§ **Required action**
Exactly retype the opening line of the entries and every line after it, ending with the line that contains "doc.layers.add('Fillet', color=7, linetype='CONTINUOUS')". Skip all pictures.
** Information supplied follows **
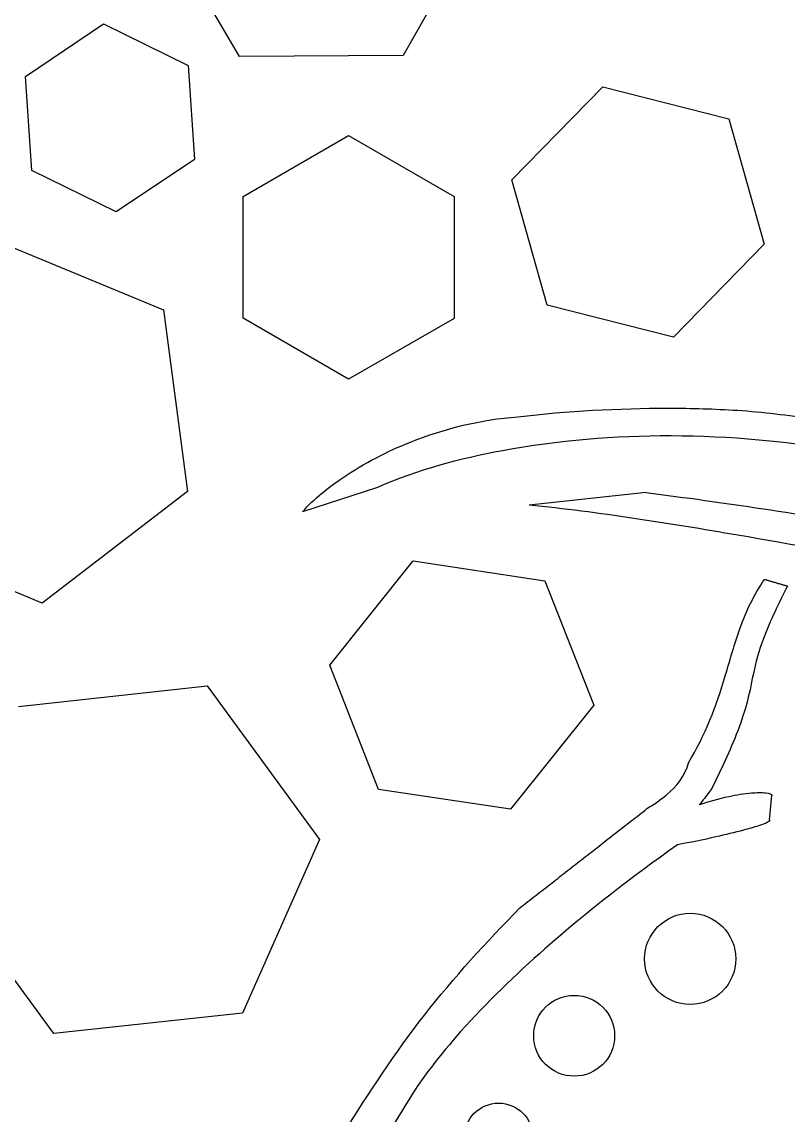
# Model space of a CAD drawing. Header units: millimetres. Extents: x -94 to 94, y -92 to 96.
# Drawn here: x -68.4 to -50.07, y 35.43 to 61.58 of the extents above; entities that cross this region are included whole.
import ezdxf

# ---------------------------------------------------------------- set-up
doc = ezdxf.new("R2010")
doc.units = ezdxf.units.MM
doc.layers.add('Fillet', color=7, linetype='CONTINUOUS')

msp = doc.modelspace()

# ---------------------------------------------------------------- linework, layer by layer
at = {"layer": 'Fillet'}
for p, q in [((-63.1896, 60.7481), (-65.1681, 64.126)), ((-63.1896, 60.7481), (-65.1681, 64.126)), ((-63.1896, 60.7481, 4), (-65.1681, 64.126, 4)), ((-63.1896, 60.7481, 4), (-65.1681, 64.126, 4)), ((-57.3388, 64.175), (-59.275, 60.7726)), ((-57.3388, 64.175), (-59.275, 60.7726)), ((-57.3388, 64.175, 4), (-59.275, 60.7726, 4)), ((-57.3388, 64.175, 4), (-59.275, 60.7726, 4)), ((-68.3119, 60.2691), (-66.4422, 61.5248)), ((-68.3119, 60.2691), (-66.4422, 61.5248)), ((-68.3119, 60.2691, 4), (-66.4422, 61.5248, 4)), ((-68.3119, 60.2691, 4), (-66.4422, 61.5248, 4)), ((-66.4422, 61.5248), (-64.4198, 60.5335)), ((-66.4422, 61.5248), (-66.4422, 61.5248, 4)), ((-66.4422, 61.5248), (-64.4198, 60.5335)), ((-66.4422, 61.5248), (-66.4422, 61.5248, 4)), ((-66.4422, 61.5248, 4), (-64.4198, 60.5335, 4)), ((-66.4422, 61.5248, 4), (-64.4198, 60.5335, 4)), ((-59.275, 60.7726), (-63.1896, 60.7481)), ((-59.275, 60.7726), (-63.1896, 60.7481)), ((-59.275, 60.7726, 4), (-63.1896, 60.7481, 4)), ((-59.275, 60.7726, 4), (-63.1896, 60.7481, 4)), ((-63.1896, 60.7481), (-63.1896, 60.7481, 4)), ((-63.1896, 60.7481), (-63.1896, 60.7481, 4)), ((-59.275, 60.7726), (-59.275, 60.7726, 4)), ((-59.275, 60.7726), (-59.275, 60.7726, 4)), ((-64.4198, 60.5335), (-64.2671, 58.2863)), ((-64.4198, 60.5335), (-64.2671, 58.2863)), ((-64.4198, 60.5335), (-64.4198, 60.5335, 4)), ((-64.4198, 60.5335, 4), (-64.2671, 58.2863, 4)), ((-64.4198, 60.5335), (-64.4198, 60.5335, 4)), ((-64.4198, 60.5335, 4), (-64.2671, 58.2863, 4)), ((-68.1593, 58.0219), (-68.3119, 60.2691)), ((-68.1593, 58.0219), (-68.3119, 60.2691)), ((-68.1593, 58.0219, 4), (-68.3119, 60.2691, 4)), ((-68.3119, 60.2691), (-68.3119, 60.2691, 4)), ((-68.3119, 60.2691), (-68.3119, 60.2691, 4)), ((-68.1593, 58.0219, 4), (-68.3119, 60.2691, 4)), ((-56.6749, 57.7954), (-54.5019, 60.0233)), ((-56.6749, 57.7954), (-54.5019, 60.0233)), ((-56.6749, 57.7954, 4), (-54.5019, 60.0233, 4)), ((-56.6749, 57.7954, 4), (-54.5019, 60.0233, 4)), ((-54.5019, 60.0233), (-51.4859, 59.2553)), ((-54.5019, 60.0233), (-54.5019, 60.0233, 4)), ((-54.5019, 60.0233), (-51.4859, 59.2553)), ((-54.5019, 60.0233), (-54.5019, 60.0233, 4)), ((-54.5019, 60.0233, 4), (-51.4859, 59.2553, 4)), ((-54.5019, 60.0233, 4), (-51.4859, 59.2553, 4)), ((-51.4859, 59.2553), (-50.6431, 56.2594)), ((-51.4859, 59.2553), (-51.4859, 59.2553, 4)), ((-51.4859, 59.2553), (-50.6431, 56.2594)), ((-51.4859, 59.2553), (-51.4859, 59.2553, 4)), ((-51.4859, 59.2553, 4), (-50.6431, 56.2594, 4)), ((-51.4859, 59.2553, 4), (-50.6431, 56.2594, 4)), ((-63.1067, 57.3978), (-60.5834, 58.8541)), ((-63.1067, 57.3978), (-60.5834, 58.8541)), ((-63.1067, 57.3978, 4), (-60.5834, 58.8541, 4)), ((-63.1067, 57.3978, 4), (-60.5834, 58.8541, 4)), ((-60.5834, 58.8541), (-58.0606, 57.397)), ((-60.5834, 58.8541), (-60.5834, 58.8541, 4)), ((-60.5834, 58.8541), (-58.0606, 57.397)), ((-60.5834, 58.8541), (-60.5834, 58.8541, 4)), ((-60.5834, 58.8541, 4), (-58.0606, 57.397, 4)), ((-60.5834, 58.8541, 4), (-58.0606, 57.397, 4)), ((-64.2671, 58.2863), (-66.1369, 57.0306)), ((-64.2671, 58.2863), (-66.1369, 57.0306)), ((-64.2671, 58.2863, 4), (-66.1369, 57.0306, 4)), ((-64.2671, 58.2863, 4), (-66.1369, 57.0306, 4)), ((-64.2671, 58.2863), (-64.2671, 58.2863, 4)), ((-64.2671, 58.2863), (-64.2671, 58.2863, 4)), ((-66.1369, 57.0306), (-68.1593, 58.0219)), ((-66.1369, 57.0306), (-68.1593, 58.0219)), ((-66.1369, 57.0306, 4), (-68.1593, 58.0219, 4)), ((-68.1593, 58.0219), (-68.1593, 58.0219, 4)), ((-68.1593, 58.0219), (-68.1593, 58.0219, 4)), ((-66.1369, 57.0306, 4), (-68.1593, 58.0219, 4)), ((-55.8321, 54.7996), (-56.6749, 57.7954)), ((-55.8321, 54.7996), (-56.6749, 57.7954)), ((-55.8321, 54.7996, 4), (-56.6749, 57.7954, 4)), ((-56.6749, 57.7954), (-56.6749, 57.7954, 4)), ((-56.6749, 57.7954), (-56.6749, 57.7954, 4)), ((-55.8321, 54.7996, 4), (-56.6749, 57.7954, 4)), ((-63.1072, 54.4845), (-63.1067, 57.3978)), ((-63.1072, 54.4845), (-63.1067, 57.3978)), ((-63.1072, 54.4845, 4), (-63.1067, 57.3978, 4)), ((-63.1072, 54.4845, 4), (-63.1067, 57.3978, 4)), ((-63.1067, 57.3978), (-63.1067, 57.3978, 4)), ((-63.1067, 57.3978), (-63.1067, 57.3978, 4)), ((-58.0606, 57.397), (-58.0611, 54.4836)), ((-58.0606, 57.397), (-58.0611, 54.4836)), ((-58.0606, 57.397, 4), (-58.0611, 54.4836, 4)), ((-58.0606, 57.397, 4), (-58.0611, 54.4836, 4)), ((-58.0606, 57.397), (-58.0606, 57.397, 4)), ((-58.0606, 57.397), (-58.0606, 57.397, 4)), ((-66.1369, 57.0306), (-66.1369, 57.0306, 4)), ((-66.1369, 57.0306), (-66.1369, 57.0306, 4)), ((-69.0552, 56.3636), (-65.0051, 54.6858)), ((-69.0552, 56.3636), (-65.0051, 54.6858)), ((-69.0552, 56.3636, 4), (-65.0051, 54.6858, 4)), ((-69.0552, 56.3636, 4), (-65.0051, 54.6858, 4)), ((-50.6431, 56.2594), (-52.8162, 54.0316)), ((-50.6431, 56.2594), (-52.8162, 54.0316)), ((-50.6431, 56.2594, 4), (-52.8162, 54.0316, 4)), ((-50.6431, 56.2594, 4), (-52.8162, 54.0316, 4)), ((-50.6431, 56.2594), (-50.6431, 56.2594, 4)), ((-50.6431, 56.2594), (-50.6431, 56.2594, 4)), ((-65.0051, 54.6858), (-64.4331, 50.3395)), ((-65.0051, 54.6858), (-64.4331, 50.3395)), ((-65.0051, 54.6858), (-65.0051, 54.6858, 4)), ((-65.0051, 54.6858, 4), (-64.4331, 50.3395, 4)), ((-65.0051, 54.6858), (-65.0051, 54.6858, 4)), ((-65.0051, 54.6858, 4), (-64.4331, 50.3395, 4)), ((-52.8162, 54.0316), (-55.8321, 54.7996)), ((-55.8321, 54.7996), (-55.8321, 54.7996, 4)), ((-52.8162, 54.0316), (-55.8321, 54.7996)), ((-52.8162, 54.0316, 4), (-55.8321, 54.7996, 4)), ((-55.8321, 54.7996), (-55.8321, 54.7996, 4)), ((-52.8162, 54.0316, 4), (-55.8321, 54.7996, 4)), ((-60.5844, 53.0274), (-63.1072, 54.4845)), ((-60.5844, 53.0274), (-63.1072, 54.4845)), ((-60.5844, 53.0274, 4), (-63.1072, 54.4845, 4)), ((-63.1072, 54.4845), (-63.1072, 54.4845, 4)), ((-63.1072, 54.4845), (-63.1072, 54.4845, 4)), ((-60.5844, 53.0274, 4), (-63.1072, 54.4845, 4)), ((-58.0611, 54.4836), (-60.5844, 53.0274)), ((-58.0611, 54.4836), (-60.5844, 53.0274)), ((-58.0611, 54.4836, 4), (-60.5844, 53.0274, 4)), ((-58.0611, 54.4836, 4), (-60.5844, 53.0274, 4)), ((-58.0611, 54.4836), (-58.0611, 54.4836, 4)), ((-58.0611, 54.4836), (-58.0611, 54.4836, 4)), ((-52.8162, 54.0316), (-52.8162, 54.0316, 4)), ((-52.8162, 54.0316), (-52.8162, 54.0316, 4)), ((-60.5844, 53.0274), (-60.5844, 53.0274, 4)), ((-60.5844, 53.0274), (-60.5844, 53.0274, 4)), ((-52.9316, 52.3355), (-52.9316, 52.3355, 4)), ((-52.9316, 52.3355), (-52.9316, 52.3355, 4)), ((-56.5337, 52.1298), (-56.5337, 52.1298, 4)), ((-56.5337, 52.1298), (-56.5337, 52.1298, 4)), ((-52.8701, 51.6717), (-52.8701, 51.6717, 4)), ((-52.8701, 51.6717), (-52.8701, 51.6717, 4)), ((-64.4331, 50.3395), (-67.9111, 47.6709)), ((-64.4331, 50.3395), (-67.9111, 47.6709)), ((-64.4331, 50.3395, 4), (-67.9111, 47.6709, 4)), ((-64.4331, 50.3395, 4), (-67.9111, 47.6709, 4)), ((-64.4331, 50.3395), (-64.4331, 50.3395, 4)), ((-64.4331, 50.3395), (-64.4331, 50.3395, 4)), ((-59.8911, 50.4405), (-61.685, 49.8579)), ((-59.8911, 50.4405), (-61.685, 49.8579)), ((-59.8911, 50.4405, 4), (-61.685, 49.8579, 4)), ((-59.8911, 50.4405, 4), (-61.685, 49.8579, 4)), ((-59.8911, 50.4405), (-59.8911, 50.4405, 4)), ((-59.8911, 50.4405), (-59.8911, 50.4405, 4)), ((-53.4679, 50.3171), (-56.2663, 50.019)), ((-53.4679, 50.3171), (-56.2663, 50.019)), ((-53.4679, 50.3171, 4), (-56.2663, 50.019, 4)), ((-53.4679, 50.3171, 4), (-56.2663, 50.019, 4)), ((-53.4679, 50.3171), (-53.4679, 50.3171, 4)), ((-53.4679, 50.3171), (-53.4679, 50.3171, 4)), ((-56.2663, 50.019), (-56.2663, 50.019, 4)), ((-56.2663, 50.019), (-56.2663, 50.019, 4)), ((-61.685, 49.8579), (-61.685, 49.8579, 4)), ((-61.685, 49.8579), (-61.685, 49.8579, 4)), ((-67.9111, 47.6709), (-71.9612, 49.3487)), ((-67.9111, 47.6709), (-71.9612, 49.3487)), ((-67.9111, 47.6709, 4), (-71.9612, 49.3487, 4)), ((-67.9111, 47.6709, 4), (-71.9612, 49.3487, 4)), ((-61.0301, 46.1887), (-59.04, 48.6818)), ((-61.0301, 46.1887), (-59.04, 48.6818)), ((-61.0301, 46.1887, 4), (-59.04, 48.6818, 4)), ((-61.0301, 46.1887, 4), (-59.04, 48.6818, 4)), ((-59.04, 48.6818), (-55.8858, 48.2049)), ((-59.04, 48.6818), (-59.04, 48.6818, 4)), ((-59.04, 48.6818), (-55.8858, 48.2049)), ((-59.04, 48.6818), (-59.04, 48.6818, 4)), ((-59.04, 48.6818, 4), (-55.8858, 48.2049, 4)), ((-59.04, 48.6818, 4), (-55.8858, 48.2049, 4)), ((-55.8858, 48.2049), (-54.7217, 45.2349)), ((-55.8858, 48.2049), (-55.8858, 48.2049, 4)), ((-55.8858, 48.2049), (-54.7217, 45.2349)), ((-55.8858, 48.2049), (-55.8858, 48.2049, 4)), ((-55.8858, 48.2049, 4), (-54.7217, 45.2349, 4)), ((-55.8858, 48.2049, 4), (-54.7217, 45.2349, 4)), ((-50.6351, 48.2413), (-50.6351, 48.2413, 4)), ((-50.6351, 48.2413), (-50.6351, 48.2413, 4)), ((-50.0846, 48.0807), (-50.0846, 48.0807, 4)), ((-50.0846, 48.0807), (-50.0846, 48.0807, 4)), ((-67.9111, 47.6709), (-67.9111, 47.6709, 4)), ((-67.9111, 47.6709), (-67.9111, 47.6709, 4)), ((-59.866, 43.2186), (-61.0301, 46.1887)), ((-59.866, 43.2186), (-61.0301, 46.1887)), ((-59.866, 43.2186, 4), (-61.0301, 46.1887, 4)), ((-61.0301, 46.1887), (-61.0301, 46.1887, 4)), ((-61.0301, 46.1887), (-61.0301, 46.1887, 4)), ((-59.866, 43.2186, 4), (-61.0301, 46.1887, 4)), ((-68.4795, 45.2035), (-63.9608, 45.6912)), ((-68.4795, 45.2035), (-63.9608, 45.6912)), ((-68.4795, 45.2035, 4), (-63.9608, 45.6912, 4)), ((-68.4795, 45.2035, 4), (-63.9608, 45.6912, 4)), ((-63.9608, 45.6912), (-61.2791, 42.0218)), ((-63.9608, 45.6912), (-61.2791, 42.0218)), ((-63.9608, 45.6912), (-63.9608, 45.6912, 4)), ((-63.9608, 45.6912, 4), (-61.2791, 42.0218, 4)), ((-63.9608, 45.6912), (-63.9608, 45.6912, 4)), ((-63.9608, 45.6912, 4), (-61.2791, 42.0218, 4)), ((-54.7217, 45.2349), (-56.7118, 42.7417)), ((-54.7217, 45.2349), (-56.7118, 42.7417)), ((-54.7217, 45.2349, 4), (-56.7118, 42.7417, 4)), ((-54.7217, 45.2349, 4), (-56.7118, 42.7417, 4)), ((-54.7217, 45.2349), (-54.7217, 45.2349, 4)), ((-54.7217, 45.2349), (-54.7217, 45.2349, 4)), ((-52.4513, 43.8565), (-52.4513, 43.8565, 4)), ((-52.4513, 43.8565), (-52.4513, 43.8565, 4)), ((-51.6182, 43.8201), (-51.8958, 43.2412)), ((-51.6182, 43.8201), (-51.8958, 43.2412)), ((-51.6182, 43.8201, 4), (-51.8958, 43.2412, 4)), ((-51.6182, 43.8201, 4), (-51.8958, 43.2412, 4)), ((-51.6182, 43.8201), (-51.6182, 43.8201, 4)), ((-51.6182, 43.8201), (-51.6182, 43.8201, 4)), ((-56.7118, 42.7417), (-59.866, 43.2186)), ((-59.866, 43.2186), (-59.866, 43.2186, 4)), ((-56.7118, 42.7417), (-59.866, 43.2186)), ((-56.7118, 42.7417, 4), (-59.866, 43.2186, 4)), ((-59.866, 43.2186), (-59.866, 43.2186, 4)), ((-56.7118, 42.7417, 4), (-59.866, 43.2186, 4)), ((-51.8958, 43.2412), (-51.8958, 43.2412, 4)), ((-51.8958, 43.2412), (-51.8958, 43.2412, 4)), ((-50.5148, 42.4847), (-50.4625, 43.0691)), ((-50.5148, 42.4847), (-50.4625, 43.0691)), ((-50.5148, 42.4847, 4), (-50.4625, 43.0691, 4)), ((-50.5148, 42.4847, 4), (-50.4625, 43.0691, 4)), ((-50.4625, 43.0691), (-50.4625, 43.0691, 4)), ((-50.4625, 43.0691), (-50.4625, 43.0691, 4)), ((-56.7118, 42.7417), (-56.7118, 42.7417, 4)), ((-56.7118, 42.7417), (-56.7118, 42.7417, 4)), ((-53.4468, 42.7589), (-53.4468, 42.7589, 4)), ((-53.4468, 42.7589), (-53.4468, 42.7589, 4)), ((-52.1886, 42.855), (-52.1886, 42.855, 4)), ((-52.1886, 42.855), (-52.1886, 42.855, 4)), ((-50.5148, 42.4847), (-50.5148, 42.4847, 4)), ((-50.5148, 42.4847), (-50.5148, 42.4847, 4)), ((-61.2791, 42.0218), (-63.116, 37.8647)), ((-61.2791, 42.0218), (-63.116, 37.8647)), ((-61.2791, 42.0218, 4), (-63.116, 37.8647, 4)), ((-61.2791, 42.0218, 4), (-63.116, 37.8647, 4)), ((-61.2791, 42.0218), (-61.2791, 42.0218, 4)), ((-61.2791, 42.0218), (-61.2791, 42.0218, 4)), ((-52.7174, 41.8927), (-52.7174, 41.8927, 4)), ((-52.7174, 41.8927), (-52.7174, 41.8927, 4)), ((-67.6347, 37.3769), (-70.3165, 41.0463)), ((-67.6347, 37.3769), (-70.3165, 41.0463)), ((-67.6347, 37.3769, 4), (-70.3165, 41.0463, 4)), ((-67.6347, 37.3769, 4), (-70.3165, 41.0463, 4)), ((-56.4842, 40.3851), (-56.4842, 40.3851, 4)), ((-56.4842, 40.3851), (-56.4842, 40.3851, 4)), ((-51.3223, 39.1645), (-51.3223, 39.1645, 4)), ((-51.3223, 39.1645), (-51.3223, 39.1645, 4)), ((-63.116, 37.8647), (-67.6347, 37.3769)), ((-63.116, 37.8647), (-67.6347, 37.3769)), ((-63.116, 37.8647, 4), (-67.6347, 37.3769, 4)), ((-63.116, 37.8647, 4), (-67.6347, 37.3769, 4)), ((-63.116, 37.8647), (-63.116, 37.8647, 4)), ((-63.116, 37.8647), (-63.116, 37.8647, 4)), ((-67.6347, 37.3769), (-67.6347, 37.3769, 4)), ((-67.6347, 37.3769), (-67.6347, 37.3769, 4)), ((-54.2207, 37.3251), (-54.2207, 37.3251, 4)), ((-54.2207, 37.3251), (-54.2207, 37.3251, 4)), ((-59.2128, 35.6812), (-59.2128, 35.6812, 4)), ((-59.2128, 35.6812), (-59.2128, 35.6812, 4))]:
    msp.add_line(p, q, dxfattribs=at)
for centre, radius in [((-52.413, 39.1645), 1.09071), ((-52.413, 39.1645), 1.09071), ((-52.413, 39.1645), 1.09071), ((-52.413, 39.1645), 1.09071), ((-55.1877, 37.3251), 0.96695), ((-55.1877, 37.3251), 0.96695), ((-55.1877, 37.3251), 0.96695), ((-55.1877, 37.3251), 0.96695), ((-56.9959, 34.8934), 0.82011), ((-56.9959, 34.8934), 0.82011), ((-56.9959, 34.8934), 0.82011), ((-56.9959, 34.8934), 0.82011)]:
    msp.add_circle(centre, radius, dxfattribs=at)
for points, degree in [([(-56.5337, 52.1298), (-55.3489, 52.2707), (-54.1382, 52.3343), (-52.9316, 52.3355)], 3), ([(-56.5337, 52.1298), (-55.3489, 52.2707), (-54.1382, 52.3343), (-52.9316, 52.3355)], 3), ([(-56.5337, 52.1298, 4), (-55.3489, 52.2707, 4), (-54.1382, 52.3343, 4), (-52.9316, 52.3355, 4)], 3), ([(-56.5337, 52.1298, 4), (-55.3489, 52.2707, 4), (-54.1382, 52.3343, 4), (-52.9316, 52.3355, 4)], 3), ([(-48.69, 51.2852), (-50.0706, 51.5417), (-51.4728, 51.6684), (-52.8701, 51.6717)], 3), ([(-48.69, 51.2852), (-50.0706, 51.5417), (-51.4728, 51.6684), (-52.8701, 51.6717)], 3), ([(-48.69, 51.2852, 4), (-50.0706, 51.5417, 4), (-51.4728, 51.6684, 4), (-52.8701, 51.6717, 4)], 3), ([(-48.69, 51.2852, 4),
** End of Information supplied **
§ **Result of the task**
# Model space of a CAD drawing. Header units: millimetres. Extents: x -94 to 94, y -92 to 96.
# Drawn here: x -68.4 to -50.07, y 35.43 to 61.58 of the extents above; entities that cross this region are included whole.
import ezdxf

# ---------------------------------------------------------------- set-up
doc = ezdxf.new("R2010")
doc.units = ezdxf.units.MM
doc.layers.add('Fillet', color=7, linetype='CONTINUOUS')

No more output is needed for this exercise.